Just to clarify, AML/AMs makes or offers code 250 with either standard gauge ties or narrow gauge style ties. They also offer narrow gauge style witches, but do not offer code 250 standard gauge style switches-yet. 
So, when asking about code 250 it is best to specify narrow gauge or STD gauge. 
For example, I stock narrow gauge flex track from AMS in code 250, and have rails in tubes or individually, plus tie strips individually. The Std gauge 250 is available, but is not constantly stocked. 
AML/AMS code 250 is sold in 5 foot lengths, in cases ,assembled. This is helpful to lower shipping costs, and of course code 250 is about 40% less brass , so that lowers costs also. Tube rail is 8 feet long, suitable for pickup but not shipping, generally. 
One thing to note finally, the reason AML code 250 seems to be lower in price is that it is not extruded, but is cold rolled, if my memory is still working on these details. 

Jonathan 
www.rctrains.com


----------



## Robby D (Oct 15, 2009)

AML is all code 332 
AMS is all code 250


----------



## K.A.Simpson (Mar 6, 2008)

I have 250 track outdoor/indoor on my layout, the sun has made the ties brittle. Enough to replace sections. I even tried different products to protect the ties but I was too late as the damage is done. 

I bought the track and has been good value.
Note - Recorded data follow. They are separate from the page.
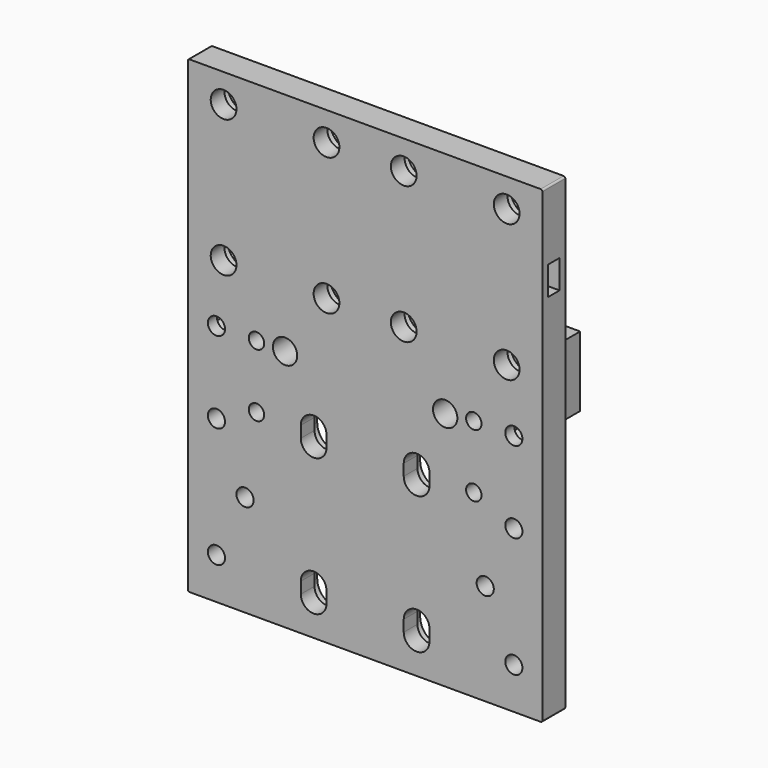
from build123d import *

# Parameters (mm, degrees)
F1_W           = 31
F1_H           = 82
F2_DEPTH       = 5
F3_D           = 4.5
F3_CBORE_D     = 6.75
F3_CBORE_DEPTH = 2
F4_DEPTH       = 5
F5_DEPTH       = 2
F6_START       = 0.4
F0_R           = 1.35
F6_DEPTH       = 4.601
F7_D           = 3
F8_R           = 1.5
F9_DEPTH       = 3
F11_DEPTH      = 16.5
F15_D          = 4.25
F16_D          = 3
F18_R          = 2.125
F19_DEPTH      = 5.5
F20_W          = 3
F20_H          = 5
F21_DEPTH      = 3.75
F22_W          = 2.5
F22_H          = 5
F23_DEPTH      = 3.65
F24_R          = 1
F25_DEPTH      = 4
F25_DEPTH_BACK = 5.001
F26_R          = 0.3


# Not quite as in the source:
# - a pattern or mirror of a feature is missing from the dataset's text; its kind, count and spacing are read off the source's solid


with BuildPart() as f2:
    # F1 (on Front) → F2 (new body)
    with BuildSketch(Plane.XZ):
        with Locations((-15.5, -12)):
            Rectangle(F1_W, F1_H)
        with Locations((15.5, -12)):
            Rectangle(F1_W, F1_H)
    extrude(amount=F2_DEPTH)

    # F3 (through all)
    with Locations(Plane(origin=(0, 0, 0), x_dir=(1, 0, 0), z_dir=(0, 1, 0))):
        with Locations((24.75, -24), (6.75, -24), (-6.75, -24), (-24.75, -24), (-24.75, 0), (-6.75, 0), (6.75, 0), (24.75, 0)):
            CounterBoreHole(F3_D / 2, F3_CBORE_D / 2, F3_CBORE_DEPTH)

    # F0 (on Front) → F4 (cut, through all)
    with BuildSketch(Plane.XZ):
        with BuildLine():
            ThreePointArc((6.75, -23), (9, -25.25), (11.25, -23))
            Line((11.25, -23), (11.25, -21))
            ThreePointArc((11.25, -21), (9, -18.75), (6.75, -21))
            Line((6.75, -21), (6.75, -23))
        make_face()
        with BuildLine():
            Line((-6.75, -23), (-6.75, -21))
            ThreePointArc((-6.75, -21), (-9, -18.75), (-11.25, -21))
            Line((-11.25, -21), (-11.25, -23))
            ThreePointArc((-11.25, -23), (-9, -25.25), (-6.75, -23))
        make_face()
        with BuildLine():
            ThreePointArc((6.75, -47), (9, -49.25), (11.25, -47))
            Line((11.25, -47), (11.25, -45))
            ThreePointArc((11.25, -45), (9, -42.75), (6.75, -45))
            Line((6.75, -45), (6.75, -47))
        make_face()
        with BuildLine():
            Line((-6.75, -47), (-6.75, -45))
            ThreePointArc((-6.75, -45), (-9, -42.75), (-11.25, -45))
            Line((-11.25, -45), (-11.25, -47))
            ThreePointArc((-11.25, -47), (-9, -49.25), (-6.75, -47))
        make_face()
    extrude(amount=F4_DEPTH, mode=Mode.SUBTRACT)

    # F0 (on Front) → F5 (cut)
    with BuildSketch(Plane.XZ):
        with BuildLine():
            ThreePointArc((12.375, -21), (9, -17.625), (5.625, -21))
            Line((5.625, -21), (5.625, -23))
            ThreePointArc((5.625, -23), (9, -26.375), (12.375, -23))
            Line((12.375, -23), (12.375, -21))
        make_face()
        with BuildLine():
            Line((11.25, -21), (11.25, -23))
            ThreePointArc((11.25, -23), (9, -25.25), (6.75, -23))
            Line((6.75, -23), (6.75, -21))
            ThreePointArc((6.75, -21), (9, -18.75), (11.25, -21))
        make_face(mode=Mode.SUBTRACT)
        with BuildLine():
            Line((-5.625, -23), (-5.625, -21))
            ThreePointArc((-5.625, -21), (-9, -17.625), (-12.375, -21))
            Line((-12.375, -21), (-12.375, -23))
            ThreePointArc((-12.375, -23), (-9, -26.375), (-5.625, -23))
        make_face()
        with BuildLine():
            ThreePointArc((-11.25, -21), (-9, -18.75), (-6.75, -21))
            Line((-6.75, -21), (-6.75, -23))
            ThreePointArc((-6.75, -23), (-9, -25.25), (-11.25, -23))
            Line((-11.25, -23), (-11.25, -21))
        make_face(mode=Mode.SUBTRACT)
        with BuildLine():
            Line((-5.625, -47), (-5.625, -45))
            ThreePointArc((-5.625, -45), (-9, -41.625), (-12.375, -45))
            Line((-12.375, -45), (-12.375, -47))
            ThreePointArc((-12.375, -47), (-9, -50.375), (-5.625, -47))
        make_face()
        with BuildLine():
            ThreePointArc((-11.25, -45), (-9, -42.75), (-6.75, -45))
            Line((-6.75, -45), (-6.75, -47))
            ThreePointArc((-6.75, -47), (-9, -49.25), (-11.25, -47))
            Line((-11.25, -47), (-11.25, -45))
        make_face(mode=Mode.SUBTRACT)
        with BuildLine():
            ThreePointArc((12.375, -45), (9, -41.625), (5.625, -45))
            Line((5.625, -45), (5.625, -47))
            ThreePointArc((5.625, -47), (9, -50.375), (12.375, -47))
            Line((12.375, -47), (12.375, -45))
        make_face()
        with BuildLine():
            Line((11.25, -45), (11.25, -47))
            ThreePointArc((11.25, -47), (9, -49.25), (6.75, -47))
            Line((6.75, -47), (6.75, -45))
            ThreePointArc((6.75, -45), (9, -42.75), (11.25, -45))
        make_face(mode=Mode.SUBTRACT)
    extrude(amount=F5_DEPTH, mode=Mode.SUBTRACT)

    # F0 (on Front) → F6 (cut)
    with BuildSketch(Plane.XZ.offset(F6_START)):
        with Locations((-19, -21.5)):
            Circle(F0_R)
        with Locations((19, -21.5)):
            Circle(F0_R)
    extrude(amount=F6_DEPTH, mode=Mode.SUBTRACT)

    # F7 (through all)
    with Locations(Plane(origin=(0, 0, 0), x_dir=(1, 0, 0), z_dir=(0, 1, 0))):
        with Locations((26, 10.5), (-26, 10.5)):
            Hole(F7_D / 2)

    # F8 (on face) → F9 (cut)
    with BuildSketch(Plane(origin=(0, 0, 0), x_dir=(-1, 0, 0), z_dir=(0, 1, 0))):
        Polygon((29.025, -12.2464845643), (29.025, -8.7535154357), (26, -7.0070308714), (22.975, -8.7535154357), (22.975, -12.2464845643), (26, -13.9929691286), align=None)
        with Locations((26, -10.5)):
            Circle(F8_R, mode=Mode.SUBTRACT)
        Polygon((-22.975, -12.2464845643), (-22.975, -8.7535154357), (-26, -7.0070308714), (-29.025, -8.7535154357), (-29.025, -12.2464845643), (-26, -13.9929691286), align=None)
        with Locations((-26, -10.5)):
            Circle(F8_R, mode=Mode.SUBTRACT)
    extrude(amount=-F9_DEPTH, mode=Mode.SUBTRACT)

    # F10 (on face) → F11 (join)
    with BuildSketch(Plane(origin=(0, 0, 0), x_dir=(-1, 0, 0), z_dir=(0, 1, 0))):
        Polygon((-7.9, -5), (-20.4, -5), (-20.4, -17.25), (-7.9, -17.25), (-7.9, -14.7), (-5.9, -14.7), (-5.9, -8.7), (-7.9, -8.7), align=None)
        Polygon((0.1, -5), (-7.9, -5), (-7.9, -8.7), (-5.9, -8.7), (-5.9, -14.7), (-7.9, -14.7), (-7.9, -17.25), (0.1, -17.25), (20.6, -17.25), (20.6, -5), (1.3771316735, -5), align=None)
    extrude(amount=F11_DEPTH)

    # F12 (on face) → F13 (revolve, cut)
    with BuildSketch(Plane(origin=(0, 16.5, 0), x_dir=(-1, 0, 0), z_dir=(0, 1, 0))):
        Polygon((0.1, -5), (-7.9, -5), (-7.9, -8.7), (-5.9, -8.7), (-5.9, -14.7), (-7.9, -14.7), (-7.9, -17.25), (0.1, -17.25), align=None)
    revolve(axis=Axis((-0.1, 16.5, -11.8110565236), (0, 0, -1)), mode=Mode.SUBTRACT)

    # F15 (through all)
    with Locations(Plane(origin=(0, 16.5, 0), x_dir=(-1, 0, 0), z_dir=(0, 1, 0))):
        with Locations((-14, -11), (14, -10.5)):
            Hole(F15_D / 2)

    # F16 (through all)
    with Locations(Plane(origin=(0, 0, 0), x_dir=(1, 0, 0), z_dir=(0, 1, 0))):
        with Locations((26, 24.75), (21, 35.25), (26, 45.75), (-21, 35.25), (-26, 24.75), (-26, 45.75)):
            Hole(F16_D / 2)

    # F18 (on offset) → F19 (cut)
    with BuildSketch(Plane(origin=(0, 10, 0), x_dir=(-1, 0, 0), z_dir=(0, 1, 0))):
        Polygon((10.25, -12.6650635095), (10.25, -17.25), (17.75, -17.25), (17.75, -12.6650635095), (17.75, -8.3349364905), (14, -6.1698729811), (10.25, -8.3349364905), align=None)
        with Locations((14, -10.5)):
            Circle(F18_R, mode=Mode.SUBTRACT)
        Polygon((-10.25, -13.1650635095), (-10.25, -8.8349364905), (-14, -6.6698729811), (-17.75, -8.8349364905), (-17.75, -13.1650635095), (-17.75, -17.25), (-10.25, -17.25), align=None)
        with Locations((-14, -11)):
            Circle(F18_R, mode=Mode.SUBTRACT)
    extrude(amount=-F19_DEPTH, mode=Mode.SUBTRACT)

    # F20 (on face) → F21 (cut)
    with BuildSketch(Plane(origin=(0, 0, 0), x_dir=(-1, 0, 0), z_dir=(0, 1, 0))):
        with Locations((-25.85, 14.4774101714)):
            Rectangle(F20_W, F20_H)
        with Locations((25.85, 14.4774101714)):
            Rectangle(F20_W, F20_H)
    extrude(amount=-F21_DEPTH, mode=Mode.SUBTRACT)

    # F22 (on face) → F23 (cut, through all)
    with BuildSketch(Plane.YZ.offset(31)):
        with Locations((-2.5, 14.4774101714)):
            Rectangle(F22_W, F22_H)
    f23 = extrude(amount=-F23_DEPTH, mode=Mode.SUBTRACT)

    # F23_copies: F23 across plane
    add(f23.mirror(Plane(origin=(0, 0, 0), x_dir=(0, 0, -1), z_dir=(-1, 0, 0))), mode=Mode.SUBTRACT)

    # F24
    f24_edges = [f2.edges().sort_by_distance(p)[0] for p in [
        (24.35, -3.75, 14.47741),
        (27.35, -1.25, 14.47741),
        (-24.35, -3.75, 14.47741),
        (-27.35, -1.25, 14.47741),
    ]]
    fillet(f24_edges, radius=F24_R)

    # F0 (on Front) → F25 (cut, two sides)
    with BuildSketch(Plane.XZ) as f25_sk:
        with Locations((-19, -10.5)):
            Circle(F0_R)
        with Locations((19, -10.5)):
            Circle(F0_R)
    extrude(amount=-F25_DEPTH, mode=Mode.SUBTRACT)
    extrude(f25_sk.sketch, amount=F25_DEPTH_BACK, mode=Mode.SUBTRACT)

    # F26
    f26_edges = [f2.edges().sort_by_distance(p)[0] for p in [
        (-31, -2.5, 29),
        (31, -2.5, 29),
        (31, -2.5, -53),
        (-31, -2.5, -53),
        (-0.1, 10.5, -8.7),
        (-0.1, 10.5, -14.7),
    ]]
    fillet(f26_edges, radius=F26_R)


solid = f2.part

I bought it because of cost - not looks as my original track was 332. I might add that 332 track ties are still going strong, so maybe it could be just a different batch of "plastic " material that was made. 

My layout sits on top of 4" x 2" steel "c" sections - we call them purlins in Australia. Used for shed walls or light roofing beams. The reason I used these is that they come in 20 ft lengths and are galvanised. Great width for track and only need supporting every 10 ft. I wonder if the heat from the Australian sun helped to "cook" the plastic ties from underneath. 
Andrew 
Sandbar & Mudcrab Railway 

P.S I am told that if you want to discolour your brass track you use dishwashing liquid, just brush it on. I have not tried it but read about it on another forum.


----------